Unter den Pflanzen-, Pilz,- und Tierarten an alten Gleisanlagen sind besonders Viele, die es recht warm und trocken mögen, Reptilien zum Beispiel. Genauer: Eidechsen. Zusammen mit Wespenspinnen, Ödlandschrecken oder Hausrotschwänzen tummeln sie sich gerne dort, wo ICE & Co mal unterwegs waren und heute nur noch „tote“ Gleise liegen.
Die flinken „Gleisdrachen“ sind meistens Mauereidechsen (Podacris muralis). Sie sind unter den hiesigen Eidechsenarten die wahren Sonnenanbeter.In unseren Breiten besiedeln sie daher die sonnigsten und wärmsten Lebensräume. Dort fühlen sie sich auch dann noch wohl, wenn es unsern anderen Eidechsenarten, den Zaun- und Waldeidechsen sowie der Blindschleiche bereits zu warm zu trocken wird. Das gilt offenbar auch für Eisenbahngleise, die sich, von der Sonne voll beschienen, über Tag so stark aufheizen, dass kein Homo sapiens barfuß darüber laufen möchte. Aber Drachen scheuen ja bekanntlich weder Feuer noch heißes Eisen.
Es gibt allerdings nur wenige wirklich gut zugängliche Orte, an denen man Mauereidechsen auf Eisenbahngleisen beobachten und fotografieren kann, denn Gleiskörper sind meist – völlig zurecht- für die Öffentlichkeit und damit auch für Fotografen nicht frei zugänglich. Ohne besondere Genehmigung geht da nix! Eine der für die Öffentlichkeit freigegebenen, alten Gleisanlagen liegt in der Ruhrgebietsstadt Duisburg, im dortigen Landschaftspark „Duisburg-Nord“.

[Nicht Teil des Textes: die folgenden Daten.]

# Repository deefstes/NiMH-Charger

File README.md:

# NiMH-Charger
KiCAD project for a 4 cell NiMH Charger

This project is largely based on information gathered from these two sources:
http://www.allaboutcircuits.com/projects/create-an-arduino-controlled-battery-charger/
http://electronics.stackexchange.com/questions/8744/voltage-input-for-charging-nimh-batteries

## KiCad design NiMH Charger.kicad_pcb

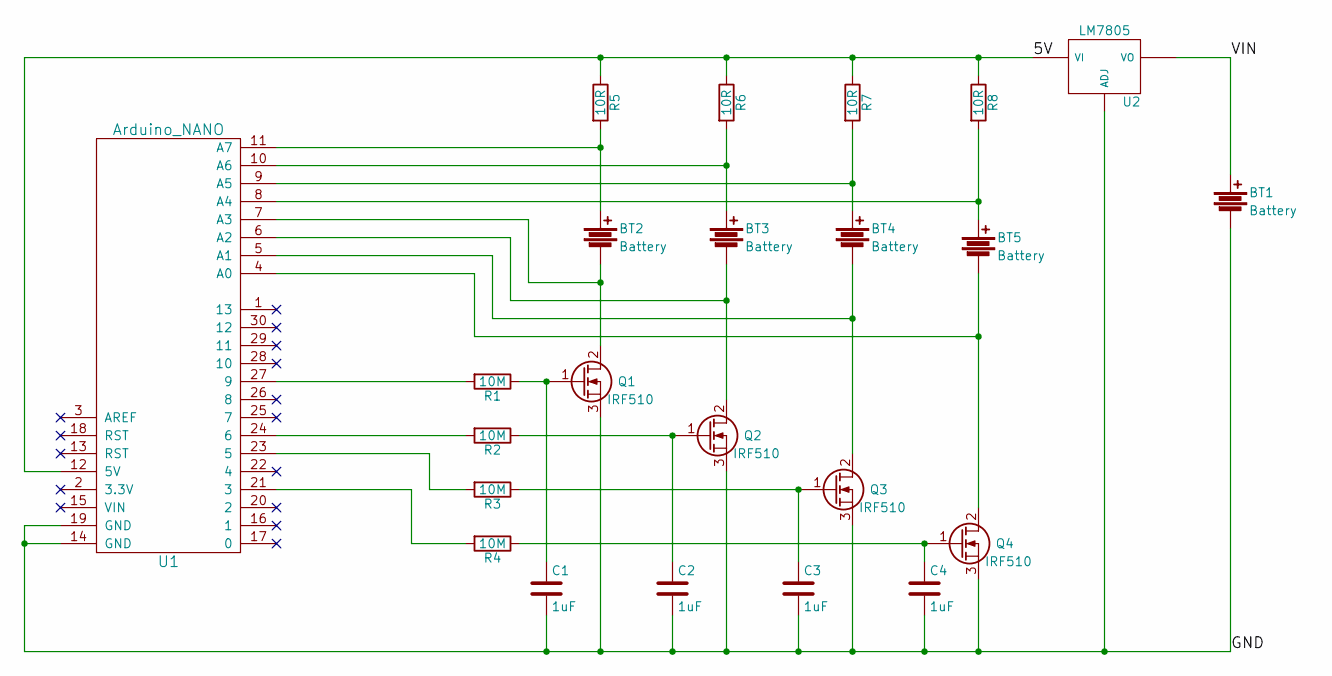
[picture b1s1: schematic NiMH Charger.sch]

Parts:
BT1: Battery; TerminalBlock_Pheonix_MKDS1.5-2pol
BT2, BT3, BT4, BT5: Battery; PINHEAD1-2
C1, C2, C3, C4: 1uF; C_Disc_D6_P5
Q1, Q2, Q3, Q4: IRF510; TO-220_Neutral123_Vertical_LargePads
R1, R2, R3, R4: 10M; R1
R5, R6, R7, R8: 10R; Resistor_Ceramic_Horizontal_L23mm-W9mm-H9mm-p30mm
U1: Arduino_NANO
U2: LM7805; TO-220_Neutral123_Vertical

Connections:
/5V: R5.1, R6.1, R7.1, R8.1, U1.12 (5V), U2.1 (VI)
/GND: BT1.2, C1.2, C2.2, C3.2, C4.2, Q1.3 (S), Q2.3 (S), Q3.3 (S), Q4.3 (S), U1.14 (GND), U1.19 (GND), U2.2 (ADJ)
/VIN: BT1.1, U2.3 (VO)
unnamed: BT2.1, R5.2, U1.11 (A7)
unnamed: BT2.2, Q1.2 (D), U1.7 (A3)
unnamed: BT3.1, R6.2, U1.10 (A6)
unnamed: BT3.2, Q2.2 (D), U1.6 (A2)
unnamed: BT4.1, R7.2, U1.9 (A5)
unnamed: BT4.2, Q3.2 (D), U1.5 (A1)
unnamed: BT5.1, R8.2, U1.8 (A4)
unnamed: BT5.2, Q4.2 (D), U1.4 (A0)
unnamed: C1.1, Q1.1 (G), R1.1
unnamed: C2.1, Q2.1 (G), R2.1
unnamed: C3.1, Q3.1 (G), R3.1
unnamed: C4.1, Q4.1 (G), R4.1
unnamed: R1.2, U1.27 (9)
unnamed: R2.2, U1.24 (6)
unnamed: R3.2, U1.23 (5)
unnamed: R4.2, U1.21 (3)

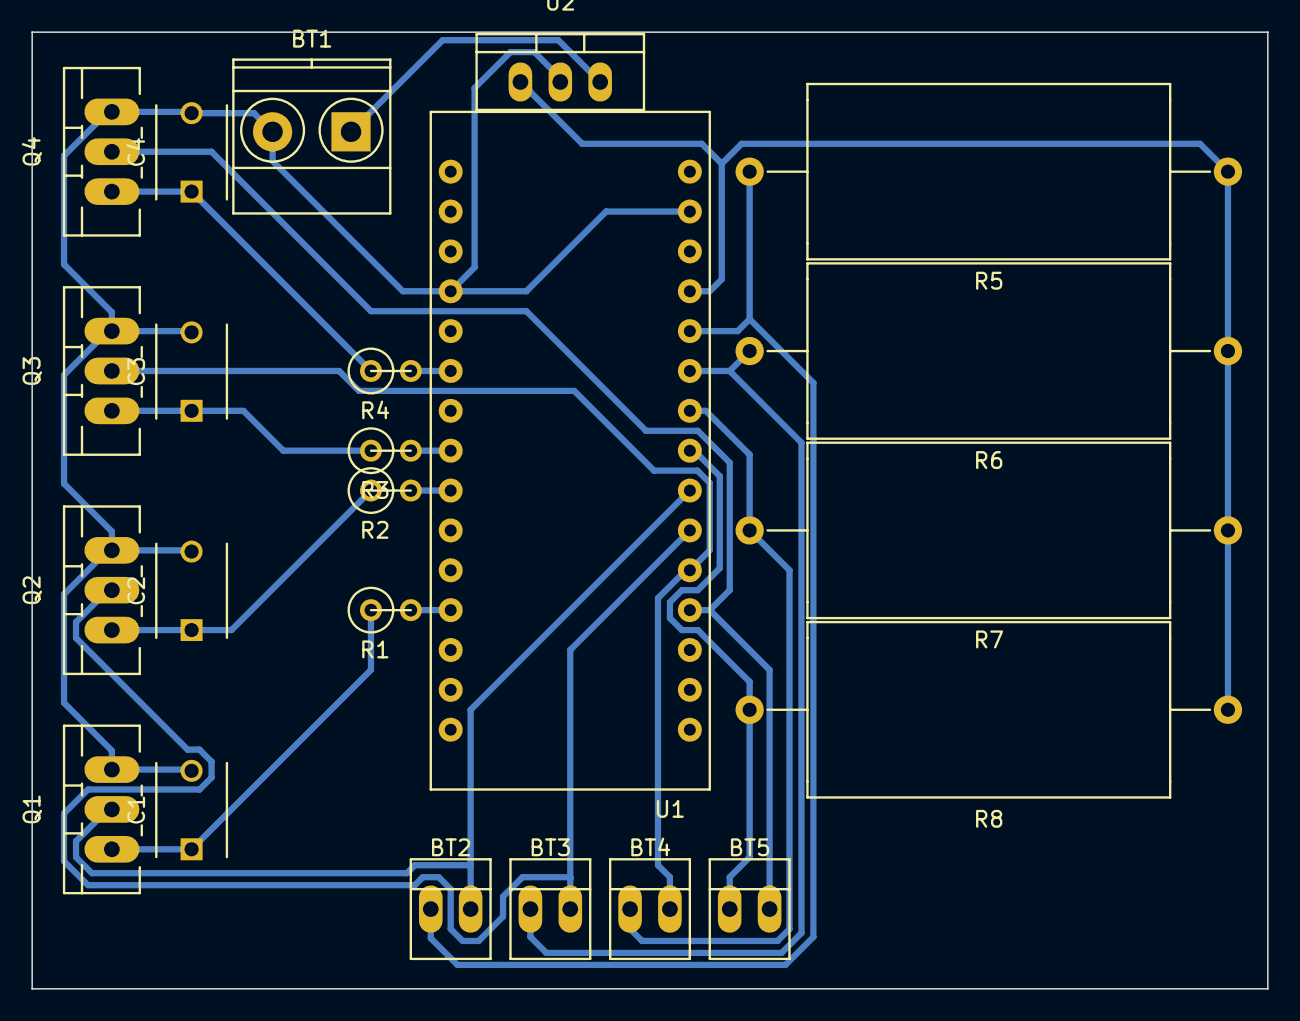
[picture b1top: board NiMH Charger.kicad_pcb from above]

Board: 2 copper layers, 78.7 x 61.0 mm, 23 parts (0 on the bottom side), 19 nets.

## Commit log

2016-12-22 Removing .dsn and .ses files
2016-12-22 Removed 7805 Voltage Regulator
    Unsure whether 7805 will be able to provide the necessary current should all four cells be charging simultaneously at highest current. The circuit now relies on a regulated 5V supply voltage.

Zusammen mit meinem Foto-Freund Markus Botzek und weiteren Fotografen, die das Projekt www.wildes-ruhrgebiet.de betreiben, entschloss ich mich genau dort einen Workshop auf den stillgelegten Gleisanlagen der alten Werksbahnen durchzuführen. Die 15 Teilnehmer mussten keinen 10 Minuten warten und der erste Gleisdrache erschien. Jetzt galt es, ohne hektische Bewegung Gesicht und Kamera in Eidechsen-Augenhöhe zu bringen und voll konzentriert die Ruhe zu bewahren. Der Kollege mit der Halbglatze im Vordergrund, Markus Botzek, macht es richtig, der Kollege rechst im Bild macht es fast richtig, die zwei anderen üben noch, aber dazu sind Workshops ja da.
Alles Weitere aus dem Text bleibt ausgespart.